[Extracted records]
_ _ _

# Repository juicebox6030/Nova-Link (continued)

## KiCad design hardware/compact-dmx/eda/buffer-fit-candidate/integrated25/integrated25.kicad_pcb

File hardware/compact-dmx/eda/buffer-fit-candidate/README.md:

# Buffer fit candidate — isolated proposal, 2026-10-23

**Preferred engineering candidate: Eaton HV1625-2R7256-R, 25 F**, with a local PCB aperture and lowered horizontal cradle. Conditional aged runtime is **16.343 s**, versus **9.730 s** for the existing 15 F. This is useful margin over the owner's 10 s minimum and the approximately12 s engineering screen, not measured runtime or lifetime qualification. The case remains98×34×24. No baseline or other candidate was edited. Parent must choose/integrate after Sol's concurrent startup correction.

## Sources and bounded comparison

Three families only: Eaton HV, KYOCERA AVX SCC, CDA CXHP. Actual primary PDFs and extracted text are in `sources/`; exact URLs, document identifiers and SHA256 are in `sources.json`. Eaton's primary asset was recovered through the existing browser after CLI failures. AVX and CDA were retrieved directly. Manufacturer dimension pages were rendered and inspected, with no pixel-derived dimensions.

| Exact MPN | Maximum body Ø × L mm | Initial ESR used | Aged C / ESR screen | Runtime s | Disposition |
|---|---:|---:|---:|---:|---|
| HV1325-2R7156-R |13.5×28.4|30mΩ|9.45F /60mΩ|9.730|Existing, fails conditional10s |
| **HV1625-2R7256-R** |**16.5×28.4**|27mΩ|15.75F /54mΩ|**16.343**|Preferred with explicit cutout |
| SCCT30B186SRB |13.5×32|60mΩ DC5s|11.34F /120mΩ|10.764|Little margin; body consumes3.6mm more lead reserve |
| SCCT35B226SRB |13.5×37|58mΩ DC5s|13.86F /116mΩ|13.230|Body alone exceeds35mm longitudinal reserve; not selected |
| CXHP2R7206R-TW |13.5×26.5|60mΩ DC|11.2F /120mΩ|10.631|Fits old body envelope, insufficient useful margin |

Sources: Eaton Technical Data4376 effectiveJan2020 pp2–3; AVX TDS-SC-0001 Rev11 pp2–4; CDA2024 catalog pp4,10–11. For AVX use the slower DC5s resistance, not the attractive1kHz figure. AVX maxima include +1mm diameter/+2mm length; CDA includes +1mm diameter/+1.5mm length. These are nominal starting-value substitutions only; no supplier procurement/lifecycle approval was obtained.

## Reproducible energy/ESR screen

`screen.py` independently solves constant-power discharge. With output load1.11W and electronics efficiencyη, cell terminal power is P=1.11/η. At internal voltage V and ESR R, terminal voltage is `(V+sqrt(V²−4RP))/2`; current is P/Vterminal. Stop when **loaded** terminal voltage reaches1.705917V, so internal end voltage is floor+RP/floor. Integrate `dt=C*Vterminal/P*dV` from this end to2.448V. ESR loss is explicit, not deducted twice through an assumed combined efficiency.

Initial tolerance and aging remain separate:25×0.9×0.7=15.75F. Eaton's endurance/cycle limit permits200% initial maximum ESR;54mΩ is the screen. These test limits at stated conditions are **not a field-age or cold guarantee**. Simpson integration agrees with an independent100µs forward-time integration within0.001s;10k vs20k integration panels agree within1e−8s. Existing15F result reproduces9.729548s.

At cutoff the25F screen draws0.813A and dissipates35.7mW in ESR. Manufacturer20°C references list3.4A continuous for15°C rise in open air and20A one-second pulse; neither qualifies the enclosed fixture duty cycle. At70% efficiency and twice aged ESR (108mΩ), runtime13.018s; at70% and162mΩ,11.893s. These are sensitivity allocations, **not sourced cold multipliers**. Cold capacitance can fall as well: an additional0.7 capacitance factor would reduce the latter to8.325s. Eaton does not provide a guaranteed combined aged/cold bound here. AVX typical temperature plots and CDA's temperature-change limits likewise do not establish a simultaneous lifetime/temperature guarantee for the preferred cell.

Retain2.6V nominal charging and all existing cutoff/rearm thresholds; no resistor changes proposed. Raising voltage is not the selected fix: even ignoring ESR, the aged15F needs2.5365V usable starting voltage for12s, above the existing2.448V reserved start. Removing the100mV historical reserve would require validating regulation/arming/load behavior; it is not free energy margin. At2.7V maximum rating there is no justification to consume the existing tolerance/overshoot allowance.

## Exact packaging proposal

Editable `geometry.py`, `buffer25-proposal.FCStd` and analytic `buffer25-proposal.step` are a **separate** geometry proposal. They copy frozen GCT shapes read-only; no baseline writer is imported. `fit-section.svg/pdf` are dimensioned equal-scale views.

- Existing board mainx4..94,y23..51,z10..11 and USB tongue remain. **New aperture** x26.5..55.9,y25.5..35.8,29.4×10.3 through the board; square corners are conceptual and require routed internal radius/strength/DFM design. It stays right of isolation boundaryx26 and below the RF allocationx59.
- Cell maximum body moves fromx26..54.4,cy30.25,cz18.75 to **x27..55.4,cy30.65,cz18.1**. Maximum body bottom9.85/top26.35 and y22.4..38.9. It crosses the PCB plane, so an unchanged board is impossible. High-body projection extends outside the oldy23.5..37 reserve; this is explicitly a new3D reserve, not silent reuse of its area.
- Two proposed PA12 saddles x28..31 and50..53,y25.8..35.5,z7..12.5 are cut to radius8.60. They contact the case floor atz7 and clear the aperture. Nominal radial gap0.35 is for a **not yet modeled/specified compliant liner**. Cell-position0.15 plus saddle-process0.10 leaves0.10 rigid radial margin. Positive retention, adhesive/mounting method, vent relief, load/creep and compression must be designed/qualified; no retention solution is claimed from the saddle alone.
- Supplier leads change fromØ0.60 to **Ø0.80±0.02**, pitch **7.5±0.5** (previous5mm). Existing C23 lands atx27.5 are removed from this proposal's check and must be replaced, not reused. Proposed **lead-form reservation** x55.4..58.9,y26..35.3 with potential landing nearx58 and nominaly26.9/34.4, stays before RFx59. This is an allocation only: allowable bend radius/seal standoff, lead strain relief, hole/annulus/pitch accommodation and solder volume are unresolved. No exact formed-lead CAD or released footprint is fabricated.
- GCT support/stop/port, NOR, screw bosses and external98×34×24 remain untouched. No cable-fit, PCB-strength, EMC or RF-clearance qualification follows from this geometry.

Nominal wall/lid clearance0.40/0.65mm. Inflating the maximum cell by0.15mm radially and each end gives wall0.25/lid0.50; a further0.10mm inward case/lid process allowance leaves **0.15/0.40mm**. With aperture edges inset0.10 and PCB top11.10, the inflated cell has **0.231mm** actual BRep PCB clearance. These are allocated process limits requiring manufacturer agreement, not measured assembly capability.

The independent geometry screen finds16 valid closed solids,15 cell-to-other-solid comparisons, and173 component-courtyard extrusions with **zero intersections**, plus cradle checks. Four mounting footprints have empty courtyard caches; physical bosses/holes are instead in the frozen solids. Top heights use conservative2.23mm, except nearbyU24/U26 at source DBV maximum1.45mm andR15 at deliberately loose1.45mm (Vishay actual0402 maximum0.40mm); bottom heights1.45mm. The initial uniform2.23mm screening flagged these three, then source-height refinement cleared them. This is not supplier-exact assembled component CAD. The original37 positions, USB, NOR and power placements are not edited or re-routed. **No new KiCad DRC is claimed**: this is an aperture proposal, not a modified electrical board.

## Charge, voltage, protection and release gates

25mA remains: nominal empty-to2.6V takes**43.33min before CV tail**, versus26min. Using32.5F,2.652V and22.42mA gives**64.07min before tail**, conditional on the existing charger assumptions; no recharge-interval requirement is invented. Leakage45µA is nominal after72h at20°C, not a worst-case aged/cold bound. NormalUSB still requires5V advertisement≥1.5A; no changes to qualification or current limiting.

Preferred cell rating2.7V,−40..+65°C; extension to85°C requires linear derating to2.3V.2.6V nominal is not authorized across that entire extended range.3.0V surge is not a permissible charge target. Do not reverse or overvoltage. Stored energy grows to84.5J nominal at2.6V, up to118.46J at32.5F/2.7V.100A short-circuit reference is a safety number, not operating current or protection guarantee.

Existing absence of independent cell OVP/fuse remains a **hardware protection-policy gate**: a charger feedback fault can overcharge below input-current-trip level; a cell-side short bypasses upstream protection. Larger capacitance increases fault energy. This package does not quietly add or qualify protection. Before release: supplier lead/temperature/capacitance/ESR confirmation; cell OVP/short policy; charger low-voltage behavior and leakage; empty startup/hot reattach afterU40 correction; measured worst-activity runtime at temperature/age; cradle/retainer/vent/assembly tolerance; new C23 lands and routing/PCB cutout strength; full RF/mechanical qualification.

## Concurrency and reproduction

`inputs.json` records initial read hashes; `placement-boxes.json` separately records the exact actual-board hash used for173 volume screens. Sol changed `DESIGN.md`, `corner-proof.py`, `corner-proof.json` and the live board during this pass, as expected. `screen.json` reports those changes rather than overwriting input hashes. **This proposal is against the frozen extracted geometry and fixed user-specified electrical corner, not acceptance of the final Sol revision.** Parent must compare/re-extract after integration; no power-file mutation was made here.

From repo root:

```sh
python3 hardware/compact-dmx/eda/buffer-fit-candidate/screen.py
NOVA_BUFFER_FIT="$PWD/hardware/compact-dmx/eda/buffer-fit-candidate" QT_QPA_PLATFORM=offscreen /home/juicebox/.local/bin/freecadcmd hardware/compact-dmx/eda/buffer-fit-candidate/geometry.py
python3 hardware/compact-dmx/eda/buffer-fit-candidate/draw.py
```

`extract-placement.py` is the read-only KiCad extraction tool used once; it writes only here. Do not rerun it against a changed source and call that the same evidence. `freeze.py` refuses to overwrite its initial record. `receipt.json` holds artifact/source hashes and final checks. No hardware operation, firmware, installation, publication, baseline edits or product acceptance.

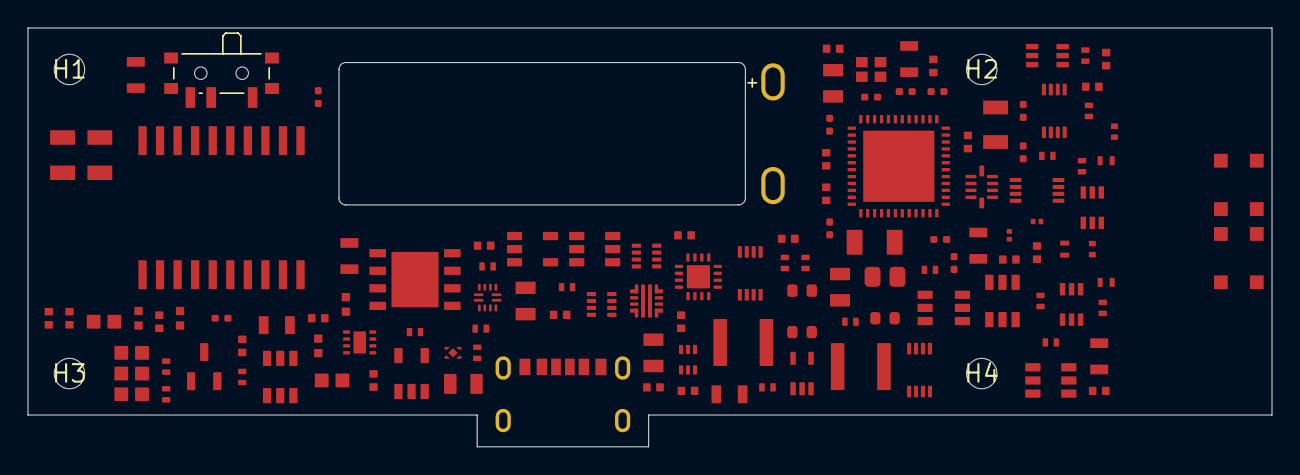
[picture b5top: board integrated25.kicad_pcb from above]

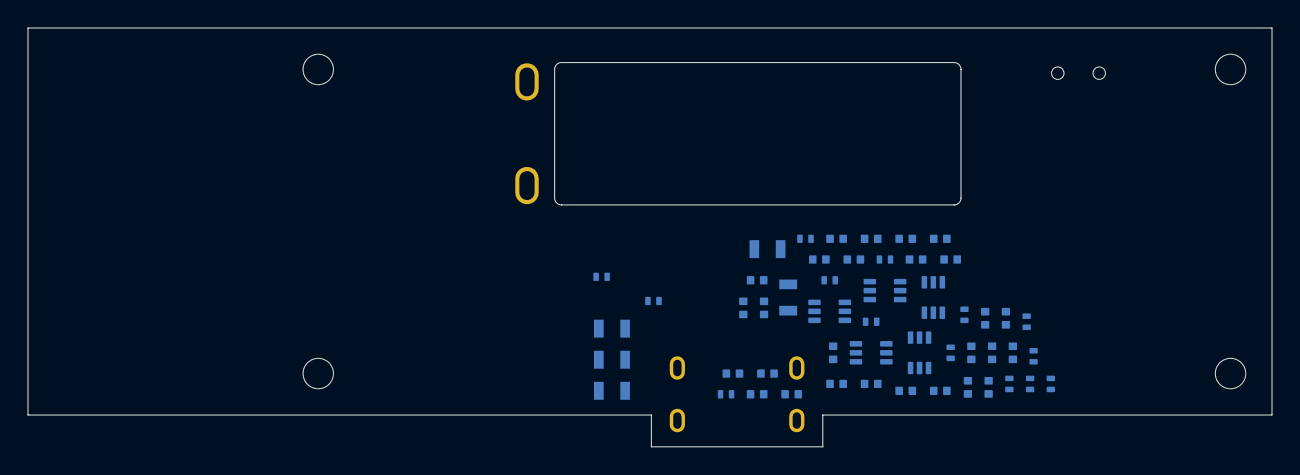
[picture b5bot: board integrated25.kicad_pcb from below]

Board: 2 copper layers, 90.0 x 30.3 mm, 178 parts (51 on the bottom side), 105 nets, no tracks yet.

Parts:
BASE_A101: 0900AD47A2450001E PROTOTYPE TUNING REQUIRED; Johanson_0900AD47_IsolatedLands
BASE_C1, BASE_C3: GRM155R71E104KE14D 100nF 25V X7R; TI_CAPC1005_Vector
BASE_C2, BASE_C4: GRM21BR71A106KE51L 10uF 10V X7R; Murata_GRM21_Reflow
BASE_C101, BASE_C102: GRM188R60J226MEA0D 22uF; TI_CAPC1608_Vector
BASE_C103: GRM155R61C105KA12D 1uF; TI_CAPC1005_Vector
BASE_C104, BASE_C105, BASE_C106, BASE_C107, BASE_C108, BASE_C109: GRM155R71E104KE14D 100nF; TI_CAPC1005_Vector
BASE_C110, BASE_C111: GRM1555C1H120JA01D 12pF; TI_CAPC1005_Vector
BASE_C112, BASE_C113: GRM0335C1H101GA01D 100pF; TI_CAPC0603_Vector
BASE_C115: GJM1555C1H1R0BB01D 1.0pF TUNE; Murata_GJM155_Manufacturer
BASE_C116: GJM1555C1H8R2DB01D 8.2pF TUNE; Murata_GJM155_Manufacturer
BASE_FL101: BLM18HE152SN1D; TI_BLM18_Vector
BASE_L101: MLZ2012N6R8LT000 6.8uH; TI_MLZ2012_Vector
BASE_L102: 0402HP-2N7XGRW 2.7nH TUNE; Coilcraft_0402HP_Manufacturer
BASE_L103: 0402HP-5N1XGRW 5.1nH TUNE; Coilcraft_0402HP_Manufacturer
BASE_L104: 0402HP-12NXGRW 12nH TUNE; Coilcraft_0402HP_Manufacturer
BASE_R1, BASE_R2, BASE_R3: CRCW040210K0FKED 10k 1%; Vishay_CRCW0402
BASE_R4: CRCW04021K00FKED 1k 1%; Vishay_CRCW0402
BASE_R_TERM1, BASE_R_TERM2: CRCW1206240RFKEA 240R 1% 0.25W; Vishay_CRCW1206
BASE_S_TERM: PCM12SMTR OFF=1-2 / ON=2-3; PCM12_PENDING_MANUFACTURER_LAND_RECHECK
BASE_TR101: 0900PC15A0036001E; TI_IPC1352_Vector
BASE_U1: CC1352R1F3RGZR; TI_RGZ0048A
BASE_U5: ISOW1412DFMR; TI_DFM0020A
BASE_Y101: FC-135 32.7680KA-AG0; Epson_FC135_Manufacturer
BASE_Y102: NX2016SA 48MHz EXS00A-CS05517; NDK_NX2016SA_Manufacturer
C1, C7, C15, C16, C17, C18, C21: GRM155R61C105KA12D 1uF 16V X5R; C0402
C2, C3, C22: GRM155R71H103KA88D 10nF 50V X7R; C0402
C4, C5, C24, C25, C26, C27, C28, C29, C30, C31, C32, C33, C34, C35, C36, C37, C38, C39, C40, C41, C42, C43, C44, C45: GRM155R71E104KE14D 100nF 25V X7R; C0402
C6, C8, C9, C10, C11, C12, C13, C14, C19, C20: GRM21BR71A106KE51L 10uF 10V X7R; C0805
C23: HV1625-2R7256-R 25F 2.7V; HV1625_formed_ENGINEERING
H1, H2, H3, H4: Mechanical NPTH 2.2
J1: USB4125-GF-A; USB_GCT
J4: Fabricated six-pad cJTAG/reset/ROM; VREF sense on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; Factory6
L1: XGL4020-222MEC 2.2uH 20%; L4020
L2: XFL4020-222MEC 2.2uH 20%; L4020
R1: TNPW1206150RBEEA 150ohm 0.1% 25ppm; R1206
R2: TNPW0805330RBEEA 330ohm 0.1% 25ppm; R0805
R3: TNPW040222K1BEED 22100ohm 0.1% 25ppm; R0402
R4, R6, R7, R8, R12, R13, R15, R21, R25, R27, R29, R31, R33, R35, R37, R38, R39, R40, R43, R44, R45, R46: TNPW040210K0BEED 10000ohm 0.1% 25ppm; R0402
R5: TNPW0805909KBEEA 909000ohm 0.1% 25ppm; R0805
R9: TNPW0805249KBEEA 249000ohm 0.1% 25ppm; R0805
R10: TNPW0805115KBEEA 115000ohm 0.1% 25ppm; R0805
R11: TNPW04023K32BEED 3320ohm 0.1% 25ppm; R0402
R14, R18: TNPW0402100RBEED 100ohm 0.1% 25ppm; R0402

_ _ _

▶ [WHAT THE EXERCISE ASKS]:
In the answer, the lines from the first line of the data above through the line containing "lead reserve |" must appear exactly as written, with nothing else.

▶ [SOLUTION FOR THIS TASK]:
# Repository juicebox6030/Nova-Link (continued)

## KiCad design hardware/compact-dmx/eda/buffer-fit-candidate/integrated25/integrated25.kicad_pcb

File hardware/compact-dmx/eda/buffer-fit-candidate/README.md:

# Buffer fit candidate — isolated proposal, 2026-10-23

**Preferred engineering candidate: Eaton HV1625-2R7256-R, 25 F**, with a local PCB aperture and lowered horizontal cradle. Conditional aged runtime is **16.343 s**, versus **9.730 s** for the existing 15 F. This is useful margin over the owner's 10 s minimum and the approximately12 s engineering screen, not measured runtime or lifetime qualification. The case remains98×34×24. No baseline or other candidate was edited. Parent must choose/integrate after Sol's concurrent startup correction.

## Sources and bounded comparison

Three families only: Eaton HV, KYOCERA AVX SCC, CDA CXHP. Actual primary PDFs and extracted text are in `sources/`; exact URLs, document identifiers and SHA256 are in `sources.json`. Eaton's primary asset was recovered through the existing browser after CLI failures. AVX and CDA were retrieved directly. Manufacturer dimension pages were rendered and inspected, with no pixel-derived dimensions.

| Exact MPN | Maximum body Ø × L mm | Initial ESR used | Aged C / ESR screen | Runtime s | Disposition |
|---|---:|---:|---:|---:|---|
| HV1325-2R7156-R |13.5×28.4|30mΩ|9.45F /60mΩ|9.730|Existing, fails conditional10s |
| **HV1625-2R7256-R** |**16.5×28.4**|27mΩ|15.75F /54mΩ|**16.343**|Preferred with explicit cutout |
| SCCT30B186SRB |13.5×32|60mΩ DC5s|11.34F /120mΩ|10.764|Little margin; body consumes3.6mm more lead reserve |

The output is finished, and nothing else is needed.